Regarding your first question, Spark's partitions are very similar (in fact built out of Hadoop's InputSplit from InputFormat). Each FileSplit generally contains the following properties

  • InputPath
  • StartOffset
  • Length (generally block size on the cluster)

So let's consider the following cases when you say the data at the source has changed

+--------------------------+-------------------------------------------------------------+
|         Scenario         |                        What happens                         |
+--------------------------+-------------------------------------------------------------+
| New file get's added     | The new files are not part of the input splits              |
|                          | so they're not captured as part of the partitions.          |
| Existing file is deleted | This will cause the job to fail with FileNotFoundException. |
+--------------------------+-------------------------------------------------------------+

Regarding your second question, When you say repartition there're again two ways. With shuffling=true and without.

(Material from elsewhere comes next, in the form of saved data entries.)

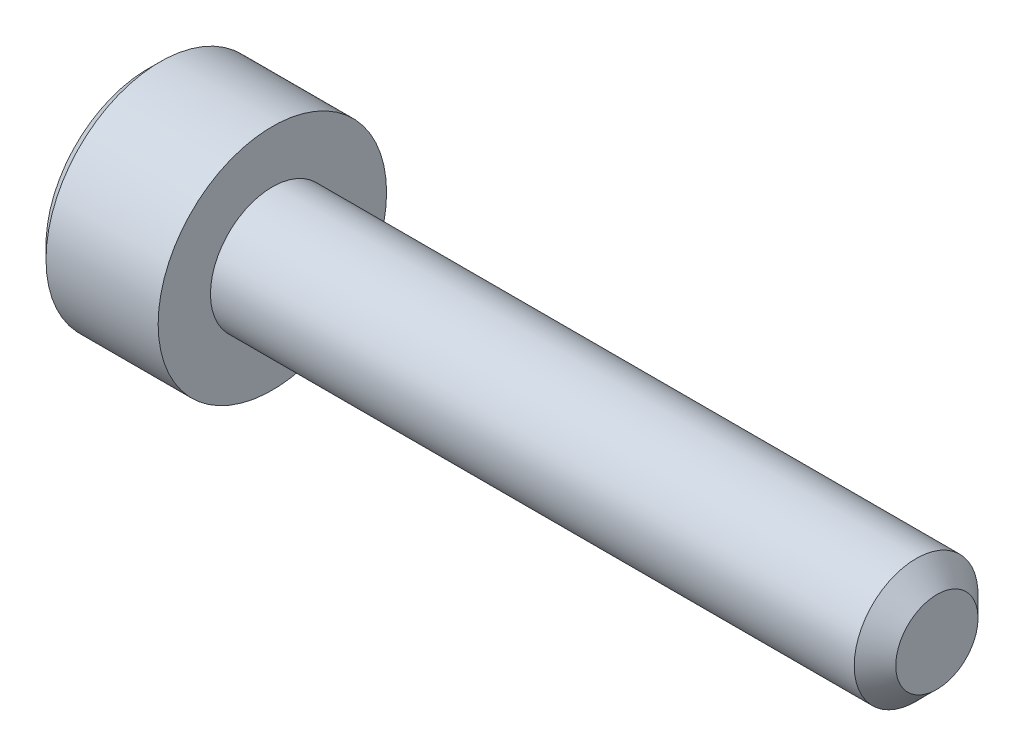
ISO-10303-21;
HEADER;
FILE_DESCRIPTION(('STEP AP214'),'2;1');
FILE_NAME('part.step','',(''),(''),'','','');
FILE_SCHEMA(('AUTOMOTIVE_DESIGN { 1 0 10303 214 1 1 1 1 }'));
ENDSEC;
DATA;
#1=APPLICATION_CONTEXT('core data for automotive mechanical design processes');
#2=APPLICATION_PROTOCOL_DEFINITION('international standard','automotive_design',2000,#1);
#3=PRODUCT_CONTEXT('',#1,'mechanical');
#4=PRODUCT('Part','Part','',(#3));
#5=PRODUCT_RELATED_PRODUCT_CATEGORY('part','',(#4));
#6=PRODUCT_DEFINITION_FORMATION('','',#4);
#7=PRODUCT_DEFINITION_CONTEXT('part definition',#1,'design');
#8=PRODUCT_DEFINITION('design','',#6,#7);
#9=PRODUCT_DEFINITION_SHAPE('','',#8);
#10=(LENGTH_UNIT() NAMED_UNIT(*) SI_UNIT(.MILLI.,.METRE.));
#11=(NAMED_UNIT(*) PLANE_ANGLE_UNIT() SI_UNIT($,.RADIAN.));
#12=(NAMED_UNIT(*) SI_UNIT($,.STERADIAN.) SOLID_ANGLE_UNIT());
#13=UNCERTAINTY_MEASURE_WITH_UNIT(LENGTH_MEASURE(1.E-05),#10,'distance_accuracy_value','');
#14=(GEOMETRIC_REPRESENTATION_CONTEXT(3) GLOBAL_UNCERTAINTY_ASSIGNED_CONTEXT((#13)) GLOBAL_UNIT_ASSIGNED_CONTEXT((#10,
#11,#12)) REPRESENTATION_CONTEXT('',''));
#15=CARTESIAN_POINT('',(0.,0.,0.));
#16=DIRECTION('',(0.,0.,1.));
#17=DIRECTION('',(1.,0.,0.));
#18=AXIS2_PLACEMENT_3D('',#15,#16,#17);
#19=CARTESIAN_POINT('',(0.,0.,0.));
#20=DIRECTION('',(1.,0.,0.));
#21=DIRECTION('',(0.,0.,-1.));
#22=AXIS2_PLACEMENT_3D('',#19,#20,#21);
#23=PLANE('',#22);
#24=DIRECTION('',(0.,0.866025403784439,0.5));
#25=VECTOR('',#24,1.);
#26=CARTESIAN_POINT('',(0.,1.4,-0.98149545762236));
#27=LINE('',#26,#25);
#28=CARTESIAN_POINT('',(0.,0.,-1.78978583448784));
#29=VERTEX_POINT('',#28);
#30=CARTESIAN_POINT('',(0.,1.55,-0.894892917243917));
#31=VERTEX_POINT('',#30);
#32=EDGE_CURVE('E154',#29,#31,#27,.T.);
#33=ORIENTED_EDGE('',*,*,#32,.T.);
#34=DIRECTION('',(0.,0.,1.));
#35=VECTOR('',#34,1.);
#36=CARTESIAN_POINT('',(0.,1.55,0.721687836487032));
#37=LINE('',#36,#35);
#38=CARTESIAN_POINT('',(0.,1.55,0.894892917243918));
#39=VERTEX_POINT('',#38);
#40=EDGE_CURVE('E164',#31,#39,#37,.T.);
#41=ORIENTED_EDGE('',*,*,#40,.T.);
#42=DIRECTION('',(0.,-0.866025403784439,0.5));
#43=VECTOR('',#42,1.);
#44=CARTESIAN_POINT('',(0.,0.149999999999999,1.7031832941094));
#45=LINE('',#44,#43);
#46=CARTESIAN_POINT('',(0.,0.,1.78978583448784));
#47=VERTEX_POINT('',#46);
#48=EDGE_CURVE('E162',#39,#47,#45,.T.);
#49=ORIENTED_EDGE('',*,*,#48,.T.);
#50=DIRECTION('',(0.,-0.866025403784439,-0.5));
#51=VECTOR('',#50,1.);
#52=CARTESIAN_POINT('',(0.,-1.4,0.981495457622362));
#53=LINE('',#52,#51);
#54=CARTESIAN_POINT('',(0.,-1.55,0.894892917243919));
#55=VERTEX_POINT('',#54);
#56=EDGE_CURVE('E160',#47,#55,#53,.T.);
#57=ORIENTED_EDGE('',*,*,#56,.T.);
#58=DIRECTION('',(0.,0.,-1.));
#59=VECTOR('',#58,1.);
#60=CARTESIAN_POINT('',(0.,-1.55,-0.721687836487031));
#61=LINE('',#60,#59);
#62=CARTESIAN_POINT('',(0.,-1.55,-0.894892917243918));
#63=VERTEX_POINT('',#62);
#64=EDGE_CURVE('E158',#55,#63,#61,.T.);
#65=ORIENTED_EDGE('',*,*,#64,.T.);
#66=DIRECTION('',(0.,0.866025403784439,-0.5));
#67=VECTOR('',#66,1.);
#68=CARTESIAN_POINT('',(0.,-0.149999999999998,-1.70318329410939));
#69=LINE('',#68,#67);
#70=EDGE_CURVE('E156',#63,#29,#69,.T.);
#71=ORIENTED_EDGE('',*,*,#70,.T.);
#72=EDGE_LOOP('',(#33,#41,#49,#57,#65,#71));
#73=FACE_BOUND('',#72,.T.);
#74=CARTESIAN_POINT('',(0.,0.,0.));
#75=DIRECTION('',(1.,0.,0.));
#76=DIRECTION('',(0.,0.,-1.));
#77=AXIS2_PLACEMENT_3D('',#74,#75,#76);
#78=CIRCLE('',#77,2.44999999999999);
#79=CARTESIAN_POINT('',(0.,0.,-2.44999999999999));
#80=VERTEX_POINT('',#79);
#81=EDGE_CURVE('E148',#80,#80,#78,.F.);
#82=ORIENTED_EDGE('',*,*,#81,.T.);
#83=EDGE_LOOP('',(#82));
#84=FACE_BOUND('',#83,.T.);
#85=ADVANCED_FACE('F33',(#73,#84),#23,.F.);
#86=CARTESIAN_POINT('',(19.,0.,0.));
#87=DIRECTION('',(-1.,0.,0.));
#88=DIRECTION('',(0.,0.,1.));
#89=AXIS2_PLACEMENT_3D('',#86,#87,#88);
#90=PLANE('',#89);
#91=CARTESIAN_POINT('',(19.,0.,0.));
#92=DIRECTION('',(-1.,0.,0.));
#93=DIRECTION('',(0.,0.,1.));
#94=AXIS2_PLACEMENT_3D('',#91,#92,#93);
#95=CIRCLE('',#94,0.989999999999996);
#96=CARTESIAN_POINT('',(19.,0.,0.989999999999996));
#97=VERTEX_POINT('',#96);
#98=EDGE_CURVE('E145',#97,#97,#95,.F.);
#99=ORIENTED_EDGE('',*,*,#98,.T.);
#100=EDGE_LOOP('',(#99));
#101=FACE_BOUND('',#100,.T.);
#102=ADVANCED_FACE('F244',(#101),#90,.F.);
#103=CARTESIAN_POINT('',(-88.7054908485857,0.,0.));
#104=DIRECTION('',(-1.,0.,0.));
#105=DIRECTION('',(0.,0.,1.));
#106=AXIS2_PLACEMENT_3D('',#103,#104,#105);
#107=CYLINDRICAL_SURFACE('',#106,1.49);
#108=CARTESIAN_POINT('',(18.5,0.,0.));
#109=DIRECTION('',(-1.,0.,0.));
#110=DIRECTION('',(0.,0.,1.));
#111=AXIS2_PLACEMENT_3D('',#108,#109,#110);
#112=CIRCLE('',#111,1.49);
#113=CARTESIAN_POINT('',(18.5,0.,1.49));
#114=VERTEX_POINT('',#113);
#115=EDGE_CURVE('E142',#114,#114,#112,.T.);
#116=ORIENTED_EDGE('',*,*,#115,.T.);
#117=EDGE_LOOP('',(#116));
#118=FACE_BOUND('',#117,.T.);
#119=CARTESIAN_POINT('',(3.,0.,0.));
#120=DIRECTION('',(-1.,0.,0.));
#121=DIRECTION('',(0.,0.,1.));
#122=AXIS2_PLACEMENT_3D('',#119,#120,#121);
#123=CIRCLE('',#122,1.49);
#124=CARTESIAN_POINT('',(3.,0.,1.49));
#125=VERTEX_POINT('',#124);
#126=EDGE_CURVE('E134',#125,#125,#123,.T.);
#127=ORIENTED_EDGE('',*,*,#126,.F.);
#128=EDGE_LOOP('',(#127));
#129=FACE_BOUND('',#128,.T.);
#130=ADVANCED_FACE('F249',(#118,#129),#107,.T.);
#131=CARTESIAN_POINT('',(3.,1.49,0.));
#132=DIRECTION('',(-1.,0.,0.));
#133=DIRECTION('',(0.,0.,1.));
#134=AXIS2_PLACEMENT_3D('',#131,#132,#133);
#135=PLANE('',#134);
#136=CARTESIAN_POINT('',(3.,0.,0.));
#137=DIRECTION('',(-1.,0.,0.));
#138=DIRECTION('',(0.,0.,1.));
#139=AXIS2_PLACEMENT_3D('',#136,#137,#138);
#140=CIRCLE('',#139,2.75);
#141=CARTESIAN_POINT('',(3.,0.,2.75));
#142=VERTEX_POINT('',#141);
#143=EDGE_CURVE('E130',#142,#142,#140,.T.);
#144=ORIENTED_EDGE('',*,*,#143,.F.);
#145=EDGE_LOOP('',(#144));
#146=FACE_BOUND('',#145,.T.);
#147=ORIENTED_EDGE('',*,*,#126,.T.);
#148=EDGE_LOOP('',(#147));
#149=FACE_BOUND('',#148,.T.);
#150=ADVANCED_FACE('F259',(#146,#149),#135,.F.);
#151=CARTESIAN_POINT('',(-88.7054908485857,0.,0.));
#152=DIRECTION('',(-1.,0.,0.));
#153=DIRECTION('',(0.,0.,1.));
#154=AXIS2_PLACEMENT_3D('',#151,#152,#153);
#155=CYLINDRICAL_SURFACE('',#154,2.75);
#156=CARTESIAN_POINT('',(0.300000000000009,0.,0.));
#157=DIRECTION('',(1.,0.,0.));
#158=DIRECTION('',(0.,0.,-1.));
#159=AXIS2_PLACEMENT_3D('',#156,#157,#158);
#160=CIRCLE('',#159,2.75);
#161=CARTESIAN_POINT('',(0.300000000000009,0.,-2.75));
#162=VERTEX_POINT('',#161);
#163=EDGE_CURVE('E151',#162,#162,#160,.T.);
#164=ORIENTED_EDGE('',*,*,#163,.T.);
#165=EDGE_LOOP('',(#164));
#166=FACE_BOUND('',#165,.T.);
#167=ORIENTED_EDGE('',*,*,#143,.T.);
#168=EDGE_LOOP('',(#167));
#169=FACE_BOUND('',#168,.T.);
#170=ADVANCED_FACE('F255',(#166,#169),#155,.T.);
#171=CARTESIAN_POINT('',(18.5,0.,0.));
#172=DIRECTION('',(-1.,0.,0.));
#173=DIRECTION('',(0.,0.,1.));
#174=AXIS2_PLACEMENT_3D('',#171,#172,#173);
#175=CONICAL_SURFACE('',#174,1.49,0.785398163397454);
#176=ORIENTED_EDGE('',*,*,#98,.F.);
#177=EDGE_LOOP('',(#176));
#178=FACE_BOUND('',#177,.T.);
#179=ORIENTED_EDGE('',*,*,#115,.F.);
#180=EDGE_LOOP('',(#179));
#181=FACE_BOUND('',#180,.T.);
#182=ADVANCED_FACE('F258',(#178,#181),#175,.T.);
#183=CARTESIAN_POINT('',(0.,0.,0.));
#184=DIRECTION('',(1.,0.,0.));
#185=DIRECTION('',(0.,0.,-1.));
#186=AXIS2_PLACEMENT_3D('',#183,#184,#185);
#187=CONICAL_SURFACE('',#186,2.44999999999999,0.78539816339745);
#188=ORIENTED_EDGE('',*,*,#163,.F.);
#189=EDGE_LOOP('',(#188));
#190=FACE_BOUND('',#189,.T.);
#191=ORIENTED_EDGE('',*,*,#81,.F.);
#192=EDGE_LOOP('',(#191));
#193=FACE_BOUND('',#192,.T.);
#194=ADVANCED_FACE('F269',(#190,#193),#187,.T.);
#195=CARTESIAN_POINT('',(2.5,1.25,0.721687836487032));
#196=DIRECTION('',(0.,-0.5,-0.866025403784438));
#197=DIRECTION('',(0.,0.866025403784439,-0.5));
#198=AXIS2_PLACEMENT_3D('',#195,#196,#197);
#199=PLANE('',#198);
#200=DIRECTION('',(-1.,0.,0.));
#201=VECTOR('',#200,1.);
#202=CARTESIAN_POINT('',(2.5,0.,1.44337567297407));
#203=LINE('',#202,#201);
#204=CARTESIAN_POINT('',(2.5,0.,1.44337567297407));
#205=VERTEX_POINT('',#204);
#206=CARTESIAN_POINT('',(0.299999999999998,0.,1.44337567297407));
#207=VERTEX_POINT('',#206);
#208=EDGE_CURVE('E122',#205,#207,#203,.T.);
#209=ORIENTED_EDGE('',*,*,#208,.T.);
#210=DIRECTION('',(0.,0.866025403784439,-0.5));
#211=VECTOR('',#210,1.);
#212=CARTESIAN_POINT('',(0.299999999999998,1.25,0.721687836487032));
#213=LINE('',#212,#211);
#214=CARTESIAN_POINT('',(0.299999999999998,1.25,0.721687836487032));
#215=VERTEX_POINT('',#214);
#216=EDGE_CURVE('E170',#207,#215,#213,.T.);
#217=ORIENTED_EDGE('',*,*,#216,.T.);
#218=DIRECTION('',(-1.,0.,0.));
#219=VECTOR('',#218,1.);
#220=CARTESIAN_POINT('',(2.5,1.25,0.721687836487032));
#221=LINE('',#220,#219);
#222=CARTESIAN_POINT('',(2.5,1.25,0.721687836487032));
#223=VERTEX_POINT('',#222);
#224=EDGE_CURVE('E125',#223,#215,#221,.T.);
#225=ORIENTED_EDGE('',*,*,#224,.F.);
#226=DIRECTION('',(0.,-0.866025403784439,0.5));
#227=VECTOR('',#226,1.);
#228=CARTESIAN_POINT('',(2.5,1.25,0.721687836487032));
#229=LINE('',#228,#227);
#230=EDGE_CURVE('E110',#223,#205,#229,.T.);
#231=ORIENTED_EDGE('',*,*,#230,.T.);
#232=EDGE_LOOP('',(#209,#217,#225,#231));
#233=FACE_BOUND('',#232,.T.);
#234=ADVANCED_FACE('F121',(#233),#199,.T.);
#235=CARTESIAN_POINT('',(2.5,0.,1.44337567297407));
#236=DIRECTION('',(0.,0.5,-0.866025403784438));
#237=DIRECTION('',(0.,0.866025403784439,0.5));
#238=AXIS2_PLACEMENT_3D('',#235,#236,#237);
#239=PLANE('',#238);
#240=DIRECTION('',(-1.,0.,0.));
#241=VECTOR('',#240,1.);
#242=CARTESIAN_POINT('',(2.5,-1.25,0.721687836487033));
#243=LINE('',#242,#241);
#244=CARTESIAN_POINT('',(2.5,-1.25,0.721687836487033));
#245=VERTEX_POINT('',#244);
#246=CARTESIAN_POINT('',(0.299999999999998,-1.25,0.721687836487033));
#247=VERTEX_POINT('',#246);
#248=EDGE_CURVE('E131',#245,#247,#243,.T.);
#249=ORIENTED_EDGE('',*,*,#248,.T.);
#250=DIRECTION('',(0.,0.866025403784439,0.5));
#251=VECTOR('',#250,1.);
#252=CARTESIAN_POINT('',(0.299999999999998,0.,1.44337567297407));
#253=LINE('',#252,#251);
#254=EDGE_CURVE('E129',#247,#207,#253,.T.);
#255=ORIENTED_EDGE('',*,*,#254,.T.);
#256=ORIENTED_EDGE('',*,*,#208,.F.);
#257=DIRECTION('',(0.,-0.866025403784439,-0.5));
#258=VECTOR('',#257,1.);
#259=CARTESIAN_POINT('',(2.5,0.,1.44337567297407));
#260=LINE('',#259,#258);
#261=EDGE_CURVE('E106',#205,#245,#260,.T.);
#262=ORIENTED_EDGE('',*,*,#261,.T.);
#263=EDGE_LOOP('',(#249,#255,#256,#262));
#264=FACE_BOUND('',#263,.T.);
#265=ADVANCED_FACE('F127',(#264),#239,.T.);
#266=CARTESIAN_POINT('',(2.5,-1.25,0.721687836487033));
#267=DIRECTION('',(0.,1.,0.));
#268=DIRECTION('',(0.,0.,1.));
#269=AXIS2_PLACEMENT_3D('',#266,#267,#268);
#270=PLANE('',#269);
#271=DIRECTION('',(-1.,0.,0.));
#272=VECTOR('',#271,1.);
#273=CARTESIAN_POINT('',(2.5,-1.25,-0.721687836487031));
#274=LINE('',#273,#272);
#275=CARTESIAN_POINT('',(2.5,-1.25,-0.721687836487031));
#276=VERTEX_POINT('',#275);
#277=CARTESIAN_POINT('',(0.299999999999998,-1.25,-0.721687836487031));
#278=VERTEX_POINT('',#277);
#279=EDGE_CURVE('E136',#276,#278,#274,.T.);
#280=ORIENTED_EDGE('',*,*,#279,.T.);
#281=DIRECTION('',(0.,0.,1.));
#282=VECTOR('',#281,1.);
#283=CARTESIAN_POINT('',(0.299999999999998,-1.25,0.721687836487033));
#284=LINE('',#283,#282);
#285=EDGE_CURVE('E173',#278,#247,#284,.T.);
#286=ORIENTED_EDGE('',*,*,#285,.T.);
#287=ORIENTED_EDGE('',*,*,#248,.F.);
#288=DIRECTION('',(0.,0.,-1.));
#289=VECTOR('',#288,1.);
#290=CARTESIAN_POINT('',(2.5,-1.25,0.721687836487033));
#291=LINE('',#290,#289);
#292=EDGE_CURVE('E112',#245,#276,#291,.T.);
#293=ORIENTED_EDGE('',*,*,#292,.T.);
#294=EDGE_LOOP('',(#280,#286,#287,#293));
#295=FACE_BOUND('',#294,.T.);
#296=ADVANCED_FACE('F200',(#295),#270,.T.);
#297=CARTESIAN_POINT('',(2.5,-1.25,-0.721687836487031));
#298=DIRECTION('',(0.,0.5,0.866025403784439));
#299=DIRECTION('',(0.,-0.866025403784439,0.5));
#300=AXIS2_PLACEMENT_3D('',#297,#298,#299);
#301=PLANE('',#300);
#302=DIRECTION('',(-1.,0.,0.));
#303=VECTOR('',#302,1.);
#304=CARTESIAN_POINT('',(2.5,0.,-1.44337567297406));
#305=LINE('',#304,#303);
#306=CARTESIAN_POINT('',(2.5,0.,-1.44337567297406));
#307=VERTEX_POINT('',#306);
#308=CARTESIAN_POINT('',(0.299999999999998,0.,-1.44337567297406));
#309=VERTEX_POINT('',#308);
#310=EDGE_CURVE('E201',#307,#309,#305,.T.);
#311=ORIENTED_EDGE('',*,*,#310,.T.);
#312=DIRECTION('',(0.,-0.866025403784439,0.5));
#313=VECTOR('',#312,1.);
#314=CARTESIAN_POINT('',(0.299999999999998,-1.25,-0.721687836487031));
#315=LINE('',#314,#313);
#316=EDGE_CURVE('E42',#309,#278,#315,.T.);
#317=ORIENTED_EDGE('',*,*,#316,.T.);
#318=ORIENTED_EDGE('',*,*,#279,.F.);
#319=DIRECTION('',(0.,0.866025403784439,-0.499999999999999));
#320=VECTOR('',#319,1.);
#321=CARTESIAN_POINT('',(2.5,-1.25,-0.721687836487031));
#322=LINE('',#321,#320);
#323=EDGE_CURVE('E211',#276,#307,#322,.T.);
#324=ORIENTED_EDGE('',*,*,#323,.T.);
#325=EDGE_LOOP('',(#311,#317,#318,#324));
#326=FACE_BOUND('',#325,.T.);
#327=ADVANCED_FACE('F213',(#326),#301,.T.);
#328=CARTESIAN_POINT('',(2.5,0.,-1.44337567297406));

Without shuffling it's is really just bunching a list of InputSplits together into a single partition (if new numPartitions < existing partitions). In case of re-evaluation they would be read again from the source.

If you had shuffling=true during repartition, the spark does book keeping required to find the missing partitions and re-run the tasks. You can read more about that in here. So the same situation as above applies while re-reading the partitions from the input.

PS: I've assumed the source is a Hadoop compatible Filesystem.